Manual vs Copilot — Time per Task Across Products
TaskProductManualCopilot
User risk assessmentEntra ID10-15 min1 min
CA troubleshootingEntra ID10-15 min30 sec
DLP alert summaryPurview5-10 min30 sec
Audit log searchPurview5 min (query build)30 sec
Alert explanationDefender for Cloud5-10 min (doc lookup)15 sec
Recommendation priorityDefender for Cloud20-30 min2 min
Attack path explanationDefender for Cloud10 min30 sec
Device compliance checkIntune5 min30 sec
Cross-product entity enrichmentAll products15-20 min1 min
The cross-product entity enrichment row is the key takeaway. Gathering information about a single entity (user, device, IP) from 4 different portals takes 15-20 minutes of portal navigation. Copilot queries all plugins simultaneously and returns a unified entity profile in 1 minute. For investigations that involve multiple entities, this acceleration compounds: 5 entities × 15 minutes = 75 minutes manual, vs 5 entities × 1 minute = 5 minutes with Copilot.

Try it yourself

If Copilot is available in your Entra ID portal, navigate to Entra ID → Protection → Risky users and check whether Copilot provides risk summaries for any listed users. If your environment has risky sign-ins, Copilot's summary should explain the risk factors. If no risky users exist (common in lab environments), review the Microsoft documentation for the Entra ID Copilot experience to understand the capability.

What you should observe

The Copilot panel in Entra ID provides a contextual summary of the selected user's risk. For risky users, it explains: what triggered the risk, the confidence level, recent anomalous activity, and whether the risk pattern matches known attack types. For healthy users, the summary confirms the absence of risk signals.


Knowledge check

Check your understanding

1. A Defender for Cloud attack path is too complex for non-technical management to understand from the graph visualisation. How can Copilot help?

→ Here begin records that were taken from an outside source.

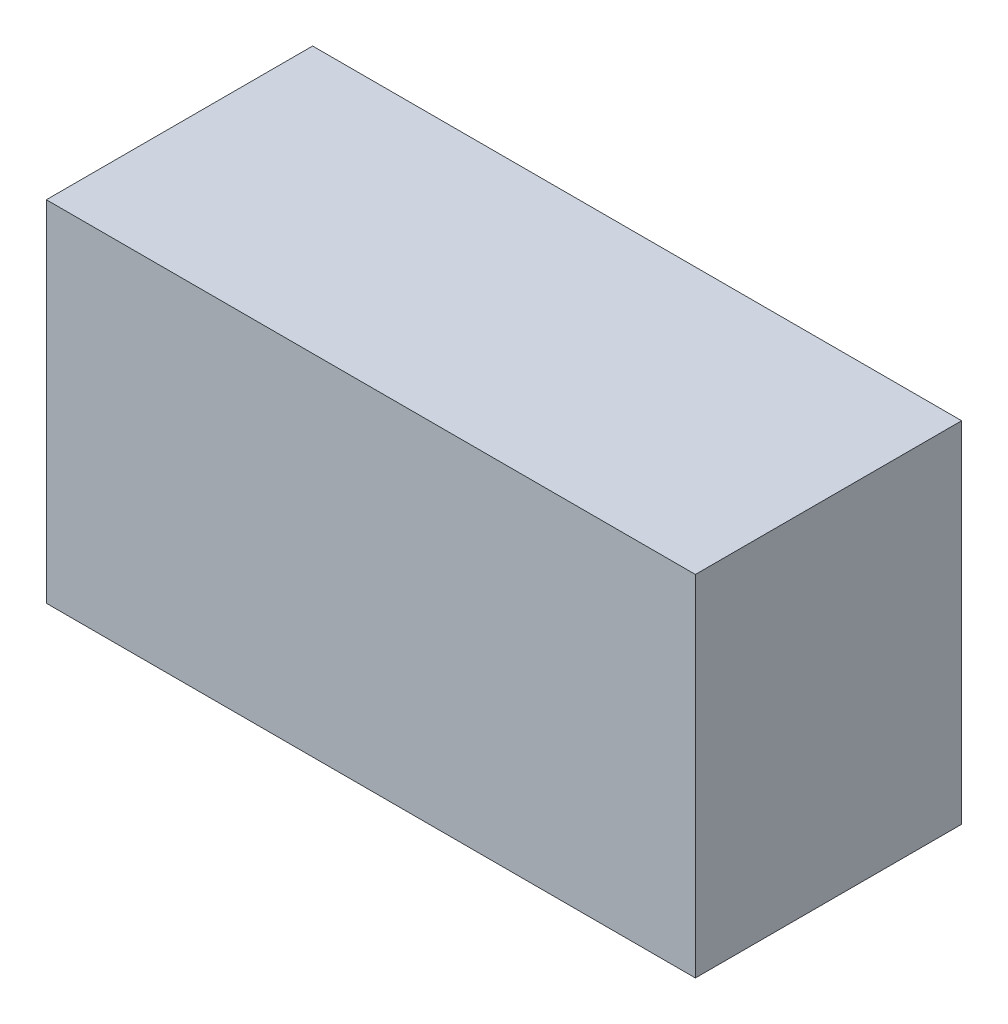
ISO-10303-21;
HEADER;
FILE_DESCRIPTION(('STEP AP214'),'2;1');
FILE_NAME('part.step','',(''),(''),'','','');
FILE_SCHEMA(('AUTOMOTIVE_DESIGN { 1 0 10303 214 1 1 1 1 }'));
ENDSEC;
DATA;
#1=APPLICATION_CONTEXT('core data for automotive mechanical design processes');
#2=APPLICATION_PROTOCOL_DEFINITION('international standard','automotive_design',2000,#1);
#3=PRODUCT_CONTEXT('',#1,'mechanical');
#4=PRODUCT('Part','Part','',(#3));
#5=PRODUCT_RELATED_PRODUCT_CATEGORY('part','',(#4));
#6=PRODUCT_DEFINITION_FORMATION('','',#4);
#7=PRODUCT_DEFINITION_CONTEXT('part definition',#1,'design');
#8=PRODUCT_DEFINITION('design','',#6,#7);
#9=PRODUCT_DEFINITION_SHAPE('','',#8);
#10=(LENGTH_UNIT() NAMED_UNIT(*) SI_UNIT(.MILLI.,.METRE.));
#11=(NAMED_UNIT(*) PLANE_ANGLE_UNIT() SI_UNIT($,.RADIAN.));
#12=(NAMED_UNIT(*) SI_UNIT($,.STERADIAN.) SOLID_ANGLE_UNIT());
#13=UNCERTAINTY_MEASURE_WITH_UNIT(LENGTH_MEASURE(1.E-05),#10,'distance_accuracy_value','');
#14=(GEOMETRIC_REPRESENTATION_CONTEXT(3) GLOBAL_UNCERTAINTY_ASSIGNED_CONTEXT((#13)) GLOBAL_UNIT_ASSIGNED_CONTEXT((#10,
#11,#12)) REPRESENTATION_CONTEXT('',''));
#15=CARTESIAN_POINT('',(0.,0.,0.));
#16=DIRECTION('',(0.,0.,1.));
#17=DIRECTION('',(1.,0.,0.));
#18=AXIS2_PLACEMENT_3D('',#15,#16,#17);
#19=CARTESIAN_POINT('',(-0.97499932,0.52500022,0.80000094));
#20=DIRECTION('',(0.,0.,-1.));
#21=DIRECTION('',(-1.,0.,0.));
#22=AXIS2_PLACEMENT_3D('',#19,#20,#21);
#23=PLANE('',#22);
#24=DIRECTION('',(1.,0.,0.));
#25=VECTOR('',#24,1.);
#26=CARTESIAN_POINT('',(-0.97499932,-0.52500022,0.80000094));
#27=LINE('',#26,#25);
#28=CARTESIAN_POINT('',(-0.97499932,-0.52500022,0.80000094));
#29=VERTEX_POINT('',#28);
#30=CARTESIAN_POINT('',(0.97500186,-0.52500022,0.80000094));
#31=VERTEX_POINT('',#30);
#32=EDGE_CURVE('E55',#29,#31,#27,.T.);
#33=ORIENTED_EDGE('',*,*,#32,.T.);
#34=DIRECTION('',(0.,1.,0.));
#35=VECTOR('',#34,1.);
#36=CARTESIAN_POINT('',(0.97500186,-0.52500022,0.80000094));
#37=LINE('',#36,#35);
#38=CARTESIAN_POINT('',(0.97500186,0.52500022,0.80000094));
#39=VERTEX_POINT('',#38);
#40=EDGE_CURVE('E58',#31,#39,#37,.T.);
#41=ORIENTED_EDGE('',*,*,#40,.T.);
#42=DIRECTION('',(1.,0.,0.));
#43=VECTOR('',#42,1.);
#44=CARTESIAN_POINT('',(0.97500186,0.52500022,0.80000094));
#45=LINE('',#44,#43);
#46=CARTESIAN_POINT('',(-0.97499932,0.52500022,0.80000094));
#47=VERTEX_POINT('',#46);
#48=EDGE_CURVE('E60',#39,#47,#45,.F.);
#49=ORIENTED_EDGE('',*,*,#48,.T.);
#50=DIRECTION('',(0.,1.,0.));
#51=VECTOR('',#50,1.);
#52=CARTESIAN_POINT('',(-0.97499932,0.52500022,0.80000094));
#53=LINE('',#52,#51);
#54=EDGE_CURVE('E20',#29,#47,#53,.T.);
#55=ORIENTED_EDGE('',*,*,#54,.F.);
#56=EDGE_LOOP('',(#33,#41,#49,#55));
#57=FACE_BOUND('',#56,.T.);
#58=ADVANCED_FACE('F17',(#57),#23,.F.);
#59=CARTESIAN_POINT('',(0.97500186,0.52500022,0.));
#60=DIRECTION('',(0.,-1.,0.));
#61=DIRECTION('',(0.,0.,-1.));
#62=AXIS2_PLACEMENT_3D('',#59,#60,#61);
#63=PLANE('',#62);
#64=DIRECTION('',(0.,0.,-1.));
#65=VECTOR('',#64,1.);
#66=CARTESIAN_POINT('',(-0.97499932,0.52500022,0.));
#67=LINE('',#66,#65);
#68=CARTESIAN_POINT('',(-0.97499932,0.52500022,0.));
#69=VERTEX_POINT('',#68);
#70=EDGE_CURVE('E71',#69,#47,#67,.F.);
#71=ORIENTED_EDGE('',*,*,#70,.T.);
#72=ORIENTED_EDGE('',*,*,#48,.F.);
#73=DIRECTION('',(0.,0.,1.));
#74=VECTOR('',#73,1.);
#75=CARTESIAN_POINT('',(0.97500186,0.52500022,0.));
#76=LINE('',#75,#74);
#77=CARTESIAN_POINT('',(0.97500186,0.52500022,0.));
#78=VERTEX_POINT('',#77);
#79=EDGE_CURVE('E65',#39,#78,#76,.F.);
#80=ORIENTED_EDGE('',*,*,#79,.T.);
#81=DIRECTION('',(-1.,0.,0.));
#82=VECTOR('',#81,1.);
#83=CARTESIAN_POINT('',(-0.97499932,0.52500022,0.));
#84=LINE('',#83,#82);
#85=EDGE_CURVE('E83',#69,#78,#84,.F.);
#86=ORIENTED_EDGE('',*,*,#85,.F.);
#87=EDGE_LOOP('',(#71,#72,#80,#86));
#88=FACE_BOUND('',#87,.T.);
#89=ADVANCED_FACE('F68',(#88),#63,.F.);
#90=CARTESIAN_POINT('',(0.97500186,-0.52500022,0.));
#91=DIRECTION('',(-1.,0.,0.));
#92=DIRECTION('',(0.,0.,1.));
#93=AXIS2_PLACEMENT_3D('',#90,#91,#92);
#94=PLANE('',#93);
#95=ORIENTED_EDGE('',*,*,#79,.F.);
#96=ORIENTED_EDGE('',*,*,#40,.F.);
#97=DIRECTION('',(0.,0.,1.));
#98=VECTOR('',#97,1.);
#99=CARTESIAN_POINT('',(0.97500186,-0.52500022,0.));
#100=LINE('',#99,#98);
#101=CARTESIAN_POINT('',(0.97500186,-0.52500022,0.));
#102=VERTEX_POINT('',#101);
#103=EDGE_CURVE('E77',#31,#102,#100,.F.);
#104=ORIENTED_EDGE('',*,*,#103,.T.);
#105=DIRECTION('',(0.,1.,0.));
#106=VECTOR('',#105,1.);
#107=CARTESIAN_POINT('',(0.97500186,0.52500022,0.));
#108=LINE('',#107,#106);
#109=EDGE_CURVE('E74',#78,#102,#108,.F.);
#110=ORIENTED_EDGE('',*,*,#109,.F.);
#111=EDGE_LOOP('',(#95,#96,#104,#110));
#112=FACE_BOUND('',#111,.T.);
#113=ADVANCED_FACE('F72',(#112),#94,.F.);
#114=CARTESIAN_POINT('',(-0.97499932,-0.52500022,0.));
#115=DIRECTION('',(0.,1.,0.));
#116=DIRECTION('',(0.,0.,1.));
#117=AXIS2_PLACEMENT_3D('',#114,#115,#116);
#118=PLANE('',#117);
#119=ORIENTED_EDGE('',*,*,#103,.F.);
#120=ORIENTED_EDGE('',*,*,#32,.F.);
#121=DIRECTION('',(0.,0.,-1.));
#122=VECTOR('',#121,1.);
#123=CARTESIAN_POINT('',(-0.97499932,-0.52500022,0.));
#124=LINE('',#123,#122);
#125=CARTESIAN_POINT('',(-0.97499932,-0.52500022,0.));
#126=VERTEX_POINT('',#125);
#127=EDGE_CURVE('E35',#29,#126,#124,.T.);
#128=ORIENTED_EDGE('',*,*,#127,.T.);
#129=DIRECTION('',(-1.,0.,0.));
#130=VECTOR('',#129,1.);
#131=CARTESIAN_POINT('',(-0.97499932,-0.52500022,0.));
#132=LINE('',#131,#130);
#133=EDGE_CURVE('E26',#102,#126,#132,.T.);
#134=ORIENTED_EDGE('',*,*,#133,.F.);
#135=EDGE_LOOP('',(#119,#120,#128,#134));
#136=FACE_BOUND('',#135,.T.);
#137=ADVANCED_FACE('F89',(#136),#118,.F.);
#138=CARTESIAN_POINT('',(-0.97499932,0.52500022,0.));
#139=DIRECTION('',(1.,0.,0.));
#140=DIRECTION('',(0.,0.,-1.));
#141=AXIS2_PLACEMENT_3D('',#138,#139,#140);
#142=PLANE('',#141);
#143=ORIENTED_EDGE('',*,*,#127,.F.);
#144=ORIENTED_EDGE('',*,*,#54,.T.);
#145=ORIENTED_EDGE('',*,*,#70,.F.);
#146=DIRECTION('',(0.,1.,0.));
#147=VECTOR('',#146,1.);
#148=CARTESIAN_POINT('',(-0.97499932,0.52500022,0.));
#149=LINE('',#148,#147);
#150=EDGE_CURVE('E11',#126,#69,#149,.T.);
#151=ORIENTED_EDGE('',*,*,#150,.F.);
#152=EDGE_LOOP('',(#143,#144,#145,#151));
#153=FACE_BOUND('',#152,.T.);
#154=ADVANCED_FACE('F91',(#153),#142,.F.);
#155=CARTESIAN_POINT('',(-0.97499932,0.52500022,0.));
#156=DIRECTION('',(0.,0.,-1.));
#157=DIRECTION('',(-1.,0.,0.));
#158=AXIS2_PLACEMENT_3D('',#155,#156,#157);
#159=PLANE('',#158);
#160=ORIENTED_EDGE('',*,*,#133,.T.);
#161=ORIENTED_EDGE('',*,*,#150,.T.);
#162=ORIENTED_EDGE('',*,*,#85,.T.);
#163=ORIENTED_EDGE('',*,*,#109,.T.);
#164=EDGE_LOOP('',(#160,#161,#162,#163));
#165=FACE_BOUND('',#164,.T.);
#166=ADVANCED_FACE('F88',(#165),#159,.T.);
#167=CLOSED_SHELL('',(#58,#89,#113,#137,#154,#166));
#168=MANIFOLD_SOLID_BREP('B1',#167);
#169=ADVANCED_BREP_SHAPE_REPRESENTATION('',(#18,#168),#14);
#170=SHAPE_DEFINITION_REPRESENTATION(#9,#169);
ENDSEC;
END-ISO-10303-21;

Copilot can explain the attack path in natural language: what the entry point is, how the attacker would move through the environment, what they could access, and what the recommended fix is. This translation from technical graph to plain-language explanation makes attack paths accessible to stakeholders who need to understand the risk and approve remediation investment without interpreting the technical visualisation themselves.